§ **What to produce**
An exact copy is needed of the lines in the entries below from the line with "q_0 = Euler_To_Quaternion_ScalarFirst(Euler_Initial)'" up to and including the line with "Subsystem1/1(axisAngle) -> VR Sink/2", and of nothing else. Leave the pictures out.

§ **Given entries**
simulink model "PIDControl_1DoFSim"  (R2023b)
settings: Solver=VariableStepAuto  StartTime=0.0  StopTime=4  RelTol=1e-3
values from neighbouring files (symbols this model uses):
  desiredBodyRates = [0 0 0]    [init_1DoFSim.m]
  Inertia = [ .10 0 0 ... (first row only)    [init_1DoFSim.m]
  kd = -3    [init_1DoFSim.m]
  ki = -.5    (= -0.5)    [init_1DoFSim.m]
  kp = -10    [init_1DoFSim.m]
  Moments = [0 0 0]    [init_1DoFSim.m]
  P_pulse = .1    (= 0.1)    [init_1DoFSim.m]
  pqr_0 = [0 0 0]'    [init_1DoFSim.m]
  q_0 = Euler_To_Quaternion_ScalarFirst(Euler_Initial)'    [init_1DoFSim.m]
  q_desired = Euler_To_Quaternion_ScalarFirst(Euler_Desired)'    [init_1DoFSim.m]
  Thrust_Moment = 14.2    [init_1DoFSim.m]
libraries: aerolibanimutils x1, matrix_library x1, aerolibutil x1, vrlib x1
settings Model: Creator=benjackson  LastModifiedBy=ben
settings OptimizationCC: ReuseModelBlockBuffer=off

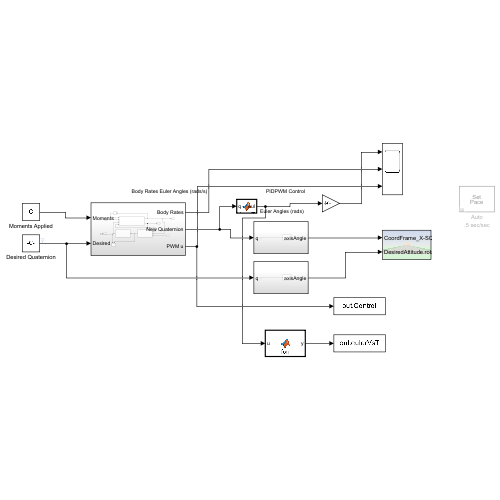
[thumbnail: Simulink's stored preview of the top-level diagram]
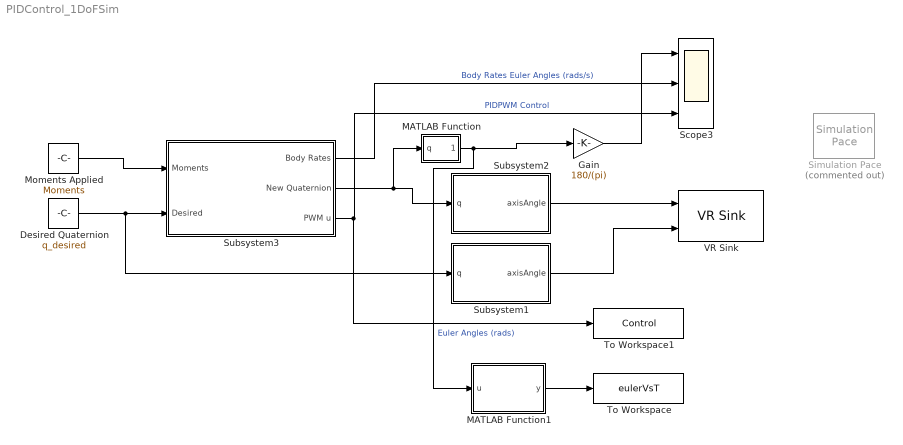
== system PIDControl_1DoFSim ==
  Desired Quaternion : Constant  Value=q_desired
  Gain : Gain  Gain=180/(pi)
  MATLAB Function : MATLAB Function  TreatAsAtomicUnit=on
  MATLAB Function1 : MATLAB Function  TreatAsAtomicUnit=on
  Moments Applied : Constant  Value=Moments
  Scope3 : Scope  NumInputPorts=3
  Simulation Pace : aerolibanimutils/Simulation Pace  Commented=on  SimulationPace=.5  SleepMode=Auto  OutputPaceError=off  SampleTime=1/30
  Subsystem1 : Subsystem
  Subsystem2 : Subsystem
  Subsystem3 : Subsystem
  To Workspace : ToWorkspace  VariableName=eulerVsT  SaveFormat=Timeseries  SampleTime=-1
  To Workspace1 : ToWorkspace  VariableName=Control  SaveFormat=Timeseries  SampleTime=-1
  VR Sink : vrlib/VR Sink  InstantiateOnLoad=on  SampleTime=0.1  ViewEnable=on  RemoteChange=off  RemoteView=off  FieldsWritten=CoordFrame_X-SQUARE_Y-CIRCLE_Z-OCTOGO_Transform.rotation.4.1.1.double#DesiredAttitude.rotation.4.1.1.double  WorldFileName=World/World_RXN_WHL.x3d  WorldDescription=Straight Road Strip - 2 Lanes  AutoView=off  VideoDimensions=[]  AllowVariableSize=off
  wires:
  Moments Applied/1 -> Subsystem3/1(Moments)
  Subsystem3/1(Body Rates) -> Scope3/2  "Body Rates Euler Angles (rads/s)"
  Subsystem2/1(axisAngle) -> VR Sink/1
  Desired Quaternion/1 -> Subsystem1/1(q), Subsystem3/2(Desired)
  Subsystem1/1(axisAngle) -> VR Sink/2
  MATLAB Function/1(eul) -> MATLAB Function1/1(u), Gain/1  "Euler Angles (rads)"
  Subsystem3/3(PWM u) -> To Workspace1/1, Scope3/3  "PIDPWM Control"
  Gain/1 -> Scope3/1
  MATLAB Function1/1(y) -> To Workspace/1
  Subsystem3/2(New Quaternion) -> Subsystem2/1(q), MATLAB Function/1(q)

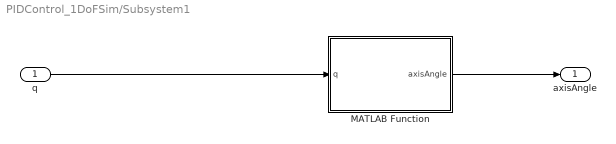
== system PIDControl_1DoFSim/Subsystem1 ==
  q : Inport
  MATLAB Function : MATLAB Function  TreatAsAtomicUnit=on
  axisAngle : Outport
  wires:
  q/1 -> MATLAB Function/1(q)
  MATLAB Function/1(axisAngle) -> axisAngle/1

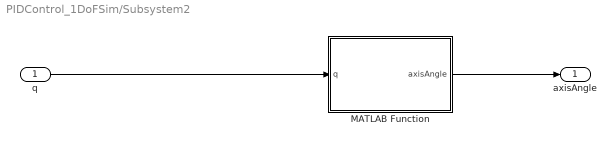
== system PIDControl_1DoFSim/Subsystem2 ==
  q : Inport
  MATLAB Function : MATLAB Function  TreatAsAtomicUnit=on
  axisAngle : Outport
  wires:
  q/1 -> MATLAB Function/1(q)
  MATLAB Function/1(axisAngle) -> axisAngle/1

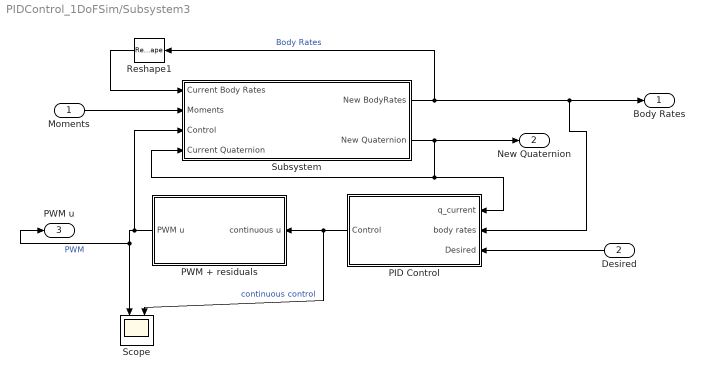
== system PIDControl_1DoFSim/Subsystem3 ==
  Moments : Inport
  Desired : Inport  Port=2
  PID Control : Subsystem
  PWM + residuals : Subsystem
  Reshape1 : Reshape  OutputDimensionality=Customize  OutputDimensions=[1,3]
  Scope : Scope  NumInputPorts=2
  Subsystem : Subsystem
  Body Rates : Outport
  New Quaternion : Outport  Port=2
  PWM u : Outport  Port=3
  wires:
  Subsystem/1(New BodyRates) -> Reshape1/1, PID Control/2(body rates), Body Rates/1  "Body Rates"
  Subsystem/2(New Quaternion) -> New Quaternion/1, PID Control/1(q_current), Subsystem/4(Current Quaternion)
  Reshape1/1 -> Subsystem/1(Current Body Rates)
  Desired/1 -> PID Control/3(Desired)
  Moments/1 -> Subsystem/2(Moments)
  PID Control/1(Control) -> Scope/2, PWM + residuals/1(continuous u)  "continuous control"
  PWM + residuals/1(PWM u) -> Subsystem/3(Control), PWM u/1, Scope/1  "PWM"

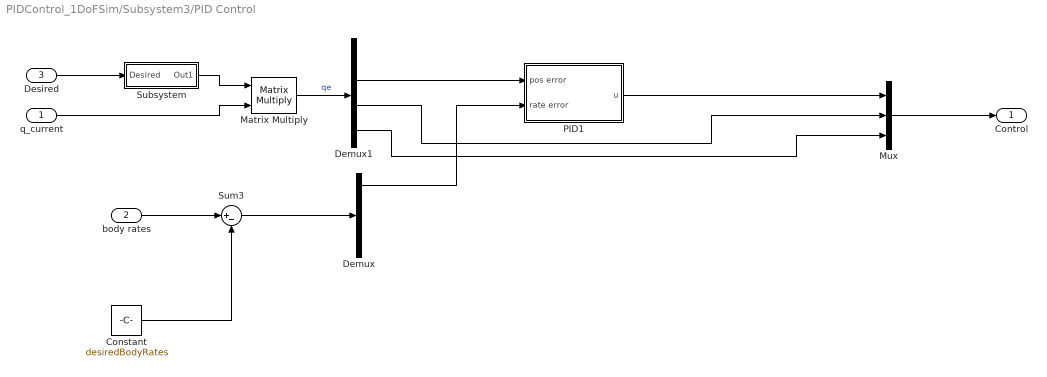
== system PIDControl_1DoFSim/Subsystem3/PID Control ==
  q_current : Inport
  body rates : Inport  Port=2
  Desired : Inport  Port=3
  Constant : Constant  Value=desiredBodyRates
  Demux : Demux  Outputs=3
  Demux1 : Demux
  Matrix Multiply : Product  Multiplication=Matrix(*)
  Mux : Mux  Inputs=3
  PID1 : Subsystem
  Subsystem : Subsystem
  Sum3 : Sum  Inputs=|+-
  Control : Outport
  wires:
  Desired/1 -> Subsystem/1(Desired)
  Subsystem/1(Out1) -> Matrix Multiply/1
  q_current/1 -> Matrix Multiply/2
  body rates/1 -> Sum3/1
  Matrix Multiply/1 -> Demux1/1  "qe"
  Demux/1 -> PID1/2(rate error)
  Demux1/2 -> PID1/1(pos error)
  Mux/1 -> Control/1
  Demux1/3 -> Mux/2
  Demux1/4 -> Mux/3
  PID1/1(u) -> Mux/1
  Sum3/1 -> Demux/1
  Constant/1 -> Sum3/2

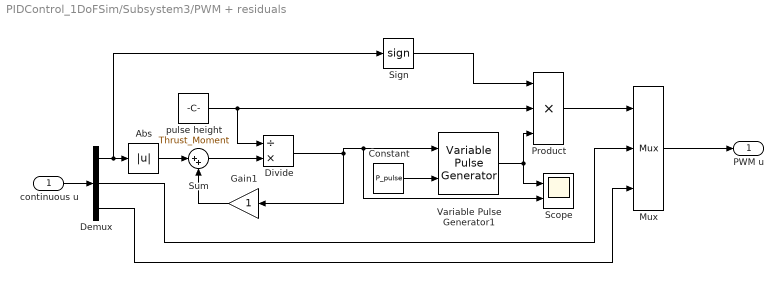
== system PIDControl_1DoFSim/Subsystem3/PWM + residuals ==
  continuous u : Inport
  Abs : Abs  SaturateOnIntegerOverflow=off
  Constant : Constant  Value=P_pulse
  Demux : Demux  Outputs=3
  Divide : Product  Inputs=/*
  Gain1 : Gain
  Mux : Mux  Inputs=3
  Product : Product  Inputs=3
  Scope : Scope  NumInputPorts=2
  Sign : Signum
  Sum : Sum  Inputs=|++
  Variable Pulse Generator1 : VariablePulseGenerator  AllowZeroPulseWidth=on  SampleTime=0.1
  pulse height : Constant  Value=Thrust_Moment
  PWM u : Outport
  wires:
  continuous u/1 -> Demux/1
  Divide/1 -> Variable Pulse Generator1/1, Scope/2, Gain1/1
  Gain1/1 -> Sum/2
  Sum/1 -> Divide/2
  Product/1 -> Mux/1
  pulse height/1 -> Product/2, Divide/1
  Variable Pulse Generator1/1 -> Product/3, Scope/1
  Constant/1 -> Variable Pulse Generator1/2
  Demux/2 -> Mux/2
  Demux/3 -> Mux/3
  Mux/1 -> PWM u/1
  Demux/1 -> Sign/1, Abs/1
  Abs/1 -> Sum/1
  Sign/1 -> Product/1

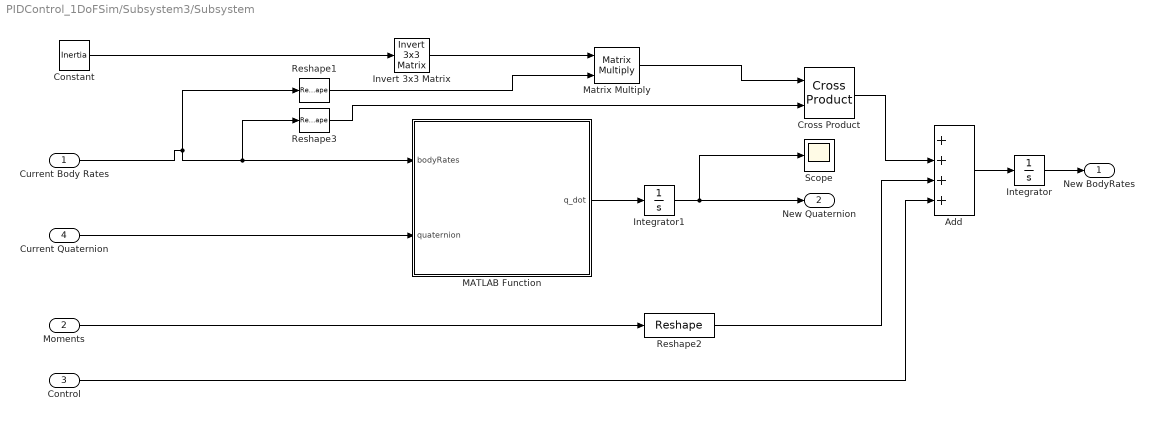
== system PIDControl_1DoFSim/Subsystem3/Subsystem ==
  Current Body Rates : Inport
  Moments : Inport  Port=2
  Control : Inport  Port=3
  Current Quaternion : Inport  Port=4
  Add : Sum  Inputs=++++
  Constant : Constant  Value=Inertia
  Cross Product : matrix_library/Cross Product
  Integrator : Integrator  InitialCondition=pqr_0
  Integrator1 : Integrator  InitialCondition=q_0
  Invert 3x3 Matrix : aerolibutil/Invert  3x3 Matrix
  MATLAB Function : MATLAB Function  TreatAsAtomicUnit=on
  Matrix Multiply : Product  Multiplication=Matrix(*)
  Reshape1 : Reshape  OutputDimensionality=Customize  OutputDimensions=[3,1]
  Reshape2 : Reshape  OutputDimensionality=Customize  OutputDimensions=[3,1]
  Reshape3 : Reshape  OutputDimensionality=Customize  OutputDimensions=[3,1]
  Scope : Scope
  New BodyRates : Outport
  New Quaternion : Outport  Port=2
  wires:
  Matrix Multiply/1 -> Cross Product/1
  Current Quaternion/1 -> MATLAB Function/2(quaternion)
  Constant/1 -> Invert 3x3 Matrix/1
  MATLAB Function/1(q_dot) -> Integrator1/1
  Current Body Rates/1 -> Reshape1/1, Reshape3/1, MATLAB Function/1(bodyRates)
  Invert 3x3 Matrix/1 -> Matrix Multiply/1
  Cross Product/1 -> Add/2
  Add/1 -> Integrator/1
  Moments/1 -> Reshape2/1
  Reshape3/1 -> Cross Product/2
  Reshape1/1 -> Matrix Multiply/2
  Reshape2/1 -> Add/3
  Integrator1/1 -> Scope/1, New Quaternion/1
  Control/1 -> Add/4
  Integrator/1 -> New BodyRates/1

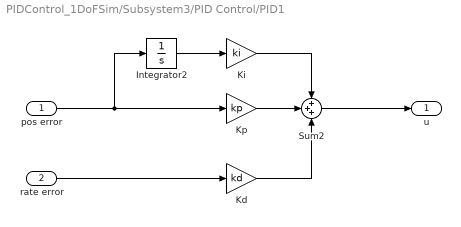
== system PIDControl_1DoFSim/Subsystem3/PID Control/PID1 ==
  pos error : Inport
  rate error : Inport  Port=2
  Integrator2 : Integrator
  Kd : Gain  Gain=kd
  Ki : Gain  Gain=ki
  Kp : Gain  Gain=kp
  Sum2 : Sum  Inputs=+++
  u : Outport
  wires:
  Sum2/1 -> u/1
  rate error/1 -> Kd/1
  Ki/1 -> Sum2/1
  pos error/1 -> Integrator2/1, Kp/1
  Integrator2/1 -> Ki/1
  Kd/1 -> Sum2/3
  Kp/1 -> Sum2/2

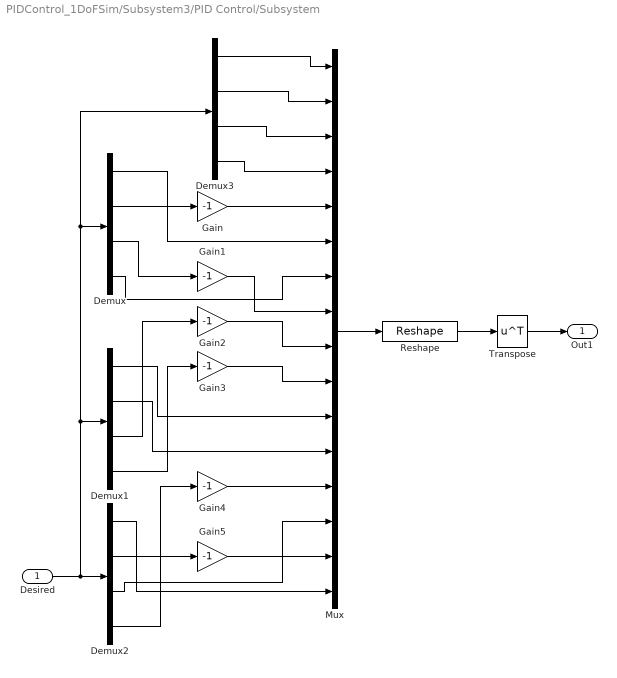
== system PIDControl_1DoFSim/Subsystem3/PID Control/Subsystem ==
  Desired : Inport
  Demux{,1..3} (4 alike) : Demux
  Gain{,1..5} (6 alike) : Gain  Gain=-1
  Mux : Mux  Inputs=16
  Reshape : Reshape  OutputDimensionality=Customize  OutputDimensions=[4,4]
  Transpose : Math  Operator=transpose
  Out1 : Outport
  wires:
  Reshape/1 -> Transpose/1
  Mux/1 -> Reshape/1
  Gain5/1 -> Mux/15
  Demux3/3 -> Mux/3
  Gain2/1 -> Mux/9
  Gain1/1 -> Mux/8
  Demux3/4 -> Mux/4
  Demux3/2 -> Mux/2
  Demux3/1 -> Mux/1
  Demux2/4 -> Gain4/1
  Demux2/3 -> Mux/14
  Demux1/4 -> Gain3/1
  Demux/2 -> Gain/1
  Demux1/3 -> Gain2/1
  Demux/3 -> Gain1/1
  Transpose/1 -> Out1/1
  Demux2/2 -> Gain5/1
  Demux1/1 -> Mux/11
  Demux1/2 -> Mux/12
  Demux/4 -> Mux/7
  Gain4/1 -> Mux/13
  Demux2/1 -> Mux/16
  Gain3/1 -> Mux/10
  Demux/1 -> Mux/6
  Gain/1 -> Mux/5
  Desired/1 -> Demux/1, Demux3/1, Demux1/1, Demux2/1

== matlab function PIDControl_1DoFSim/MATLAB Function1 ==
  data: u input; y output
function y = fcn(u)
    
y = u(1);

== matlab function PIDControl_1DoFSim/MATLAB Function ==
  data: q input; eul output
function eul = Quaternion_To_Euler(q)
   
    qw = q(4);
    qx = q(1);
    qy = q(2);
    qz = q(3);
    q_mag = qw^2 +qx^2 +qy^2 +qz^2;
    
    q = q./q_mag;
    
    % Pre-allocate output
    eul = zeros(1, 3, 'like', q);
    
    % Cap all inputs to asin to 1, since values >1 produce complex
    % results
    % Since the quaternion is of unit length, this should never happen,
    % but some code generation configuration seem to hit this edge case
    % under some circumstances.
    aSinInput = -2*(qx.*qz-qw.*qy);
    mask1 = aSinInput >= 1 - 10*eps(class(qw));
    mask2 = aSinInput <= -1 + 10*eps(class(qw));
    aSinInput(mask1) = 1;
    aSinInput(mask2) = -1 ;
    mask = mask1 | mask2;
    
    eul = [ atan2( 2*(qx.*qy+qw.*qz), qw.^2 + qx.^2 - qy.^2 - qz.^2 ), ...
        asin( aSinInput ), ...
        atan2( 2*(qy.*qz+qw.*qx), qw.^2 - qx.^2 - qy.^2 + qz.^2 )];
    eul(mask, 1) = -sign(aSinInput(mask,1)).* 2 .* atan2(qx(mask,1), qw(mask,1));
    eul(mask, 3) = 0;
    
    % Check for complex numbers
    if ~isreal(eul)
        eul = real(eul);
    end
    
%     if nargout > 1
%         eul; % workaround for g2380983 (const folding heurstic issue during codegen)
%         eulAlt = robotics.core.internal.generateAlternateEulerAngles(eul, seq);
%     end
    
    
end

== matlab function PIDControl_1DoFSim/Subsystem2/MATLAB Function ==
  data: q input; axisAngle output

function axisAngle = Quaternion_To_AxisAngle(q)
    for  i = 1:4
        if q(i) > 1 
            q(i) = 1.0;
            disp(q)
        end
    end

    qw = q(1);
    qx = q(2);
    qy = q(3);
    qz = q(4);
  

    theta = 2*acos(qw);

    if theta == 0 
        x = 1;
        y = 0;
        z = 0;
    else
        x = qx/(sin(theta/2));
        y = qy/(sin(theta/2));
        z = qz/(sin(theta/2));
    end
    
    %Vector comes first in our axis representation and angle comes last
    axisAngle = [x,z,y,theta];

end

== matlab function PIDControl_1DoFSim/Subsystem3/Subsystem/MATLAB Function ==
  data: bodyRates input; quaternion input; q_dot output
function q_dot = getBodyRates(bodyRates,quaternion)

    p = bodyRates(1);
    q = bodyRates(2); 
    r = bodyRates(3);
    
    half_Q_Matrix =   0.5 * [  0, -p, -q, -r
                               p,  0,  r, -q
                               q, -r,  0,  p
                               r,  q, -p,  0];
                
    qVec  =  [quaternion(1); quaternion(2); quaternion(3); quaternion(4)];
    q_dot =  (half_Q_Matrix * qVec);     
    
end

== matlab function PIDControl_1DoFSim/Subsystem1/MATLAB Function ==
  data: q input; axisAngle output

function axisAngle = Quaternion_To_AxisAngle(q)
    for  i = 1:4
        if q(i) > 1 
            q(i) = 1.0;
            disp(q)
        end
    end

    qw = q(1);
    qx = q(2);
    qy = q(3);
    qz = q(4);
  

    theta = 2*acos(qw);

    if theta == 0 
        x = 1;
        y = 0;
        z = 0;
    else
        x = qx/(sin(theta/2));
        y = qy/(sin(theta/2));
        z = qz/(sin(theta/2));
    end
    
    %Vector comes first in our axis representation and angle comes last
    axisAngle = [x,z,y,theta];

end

§ **Exercise result**
  q_0 = Euler_To_Quaternion_ScalarFirst(Euler_Initial)'    [init_1DoFSim.m]
  q_desired = Euler_To_Quaternion_ScalarFirst(Euler_Desired)'    [init_1DoFSim.m]
  Thrust_Moment = 14.2    [init_1DoFSim.m]
libraries: aerolibanimutils x1, matrix_library x1, aerolibutil x1, vrlib x1
settings Model: Creator=benjackson  LastModifiedBy=ben
settings OptimizationCC: ReuseModelBlockBuffer=off

[thumbnail: Simulink's stored preview of the top-level diagram]
== system PIDControl_1DoFSim ==
  Desired Quaternion : Constant  Value=q_desired
  Gain : Gain  Gain=180/(pi)
  MATLAB Function : MATLAB Function  TreatAsAtomicUnit=on
  MATLAB Function1 : MATLAB Function  TreatAsAtomicUnit=on
  Moments Applied : Constant  Value=Moments
  Scope3 : Scope  NumInputPorts=3
  Simulation Pace : aerolibanimutils/Simulation Pace  Commented=on  SimulationPace=.5  SleepMode=Auto  OutputPaceError=off  SampleTime=1/30
  Subsystem1 : Subsystem
  Subsystem2 : Subsystem
  Subsystem3 : Subsystem
  To Workspace : ToWorkspace  VariableName=eulerVsT  SaveFormat=Timeseries  SampleTime=-1
  To Workspace1 : ToWorkspace  VariableName=Control  SaveFormat=Timeseries  SampleTime=-1
  VR Sink : vrlib/VR Sink  InstantiateOnLoad=on  SampleTime=0.1  ViewEnable=on  RemoteChange=off  RemoteView=off  FieldsWritten=CoordFrame_X-SQUARE_Y-CIRCLE_Z-OCTOGO_Transform.rotation.4.1.1.double#DesiredAttitude.rotation.4.1.1.double  WorldFileName=World/World_RXN_WHL.x3d  WorldDescription=Straight Road Strip - 2 Lanes  AutoView=off  VideoDimensions=[]  AllowVariableSize=off
  wires:
  Moments Applied/1 -> Subsystem3/1(Moments)
  Subsystem3/1(Body Rates) -> Scope3/2  "Body Rates Euler Angles (rads/s)"
  Subsystem2/1(axisAngle) -> VR Sink/1
  Desired Quaternion/1 -> Subsystem1/1(q), Subsystem3/2(Desired)
  Subsystem1/1(axisAngle) -> VR Sink/2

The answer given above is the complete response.